The Tick is pure. He wants to do the right thing, the heroic thing, the thing that helps people. Jayne is pure id; he's not actually evil (I'd say more chaotic neutral, though people with more D&D experience can feel free to correct me on that) but he has no motivations beyond his own immediate and selfish gratification. Jayne's speech to the mudders at the end of Jaynestown is like the inverse of an inspirational Tick speech -- full of anger, despair, frustration, cynicism, nihilism, and self-loathing. It's a bitter pill: "Heroes don't exist and no one is going to help you."

Needless to say, this kind of thinking is anathema to everything the Tick stands for.

I think maybe it comes down to something like this: the Tick is an overgrown 8-year-old, and Jayne is an overgrown 14-year-old.

At any rate. Damn good television, and thought-provoking -- and it's not even my favorite episode. (That'd be the one immediately following, Out of Gas.)

Fucking Fanboys.

Dear guy who found this site searching for avengers assemble tv show sucks,

Man, life must be so much easier when you can form a strong opinion on a TV show based entirely on a single promo image.

(In fairness, yeah, that promo image is pretty bad.)

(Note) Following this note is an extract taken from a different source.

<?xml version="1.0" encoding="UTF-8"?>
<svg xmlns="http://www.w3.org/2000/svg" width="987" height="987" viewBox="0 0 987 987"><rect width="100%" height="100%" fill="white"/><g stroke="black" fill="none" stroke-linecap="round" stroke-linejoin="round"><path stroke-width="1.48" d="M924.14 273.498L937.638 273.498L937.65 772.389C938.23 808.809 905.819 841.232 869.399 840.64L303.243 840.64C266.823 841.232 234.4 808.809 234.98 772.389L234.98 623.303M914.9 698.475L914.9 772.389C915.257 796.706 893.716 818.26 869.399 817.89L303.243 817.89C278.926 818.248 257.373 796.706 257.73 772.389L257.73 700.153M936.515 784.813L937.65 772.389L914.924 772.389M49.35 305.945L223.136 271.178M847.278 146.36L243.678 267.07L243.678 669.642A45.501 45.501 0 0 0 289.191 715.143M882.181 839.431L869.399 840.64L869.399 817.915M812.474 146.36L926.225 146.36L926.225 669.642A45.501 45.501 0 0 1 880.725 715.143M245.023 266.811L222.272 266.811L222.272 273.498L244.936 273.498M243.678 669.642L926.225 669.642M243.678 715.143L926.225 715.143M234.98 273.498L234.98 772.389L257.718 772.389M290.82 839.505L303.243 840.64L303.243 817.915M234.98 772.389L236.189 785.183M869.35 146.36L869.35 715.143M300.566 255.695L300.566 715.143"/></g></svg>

Also: According to ComicsAlliance, Jeph Loeb finally clarified the status of the two Avengers toons. Yes, Earth's Mightiest Heroes is ending to make way for Avengers Assemble -- but apparently the latter is a continuation of the former. On the whole, I'd say that's good news -- but then, I'm not the kind of guy who has to tell Google how much a show sucks before actually seeing a single frame of it.

...Actually, you know what? I, too, am going to share an opinion on Avengers Assemble based on absolutely no evidence whatsoever.

Avengers Assemble has a much less terrible theme song than Avengers: Earth's Mightiest Heroes.

You heard it here first.


Related: I've gone and updated the favesearches list again, because there is some good stuff in there.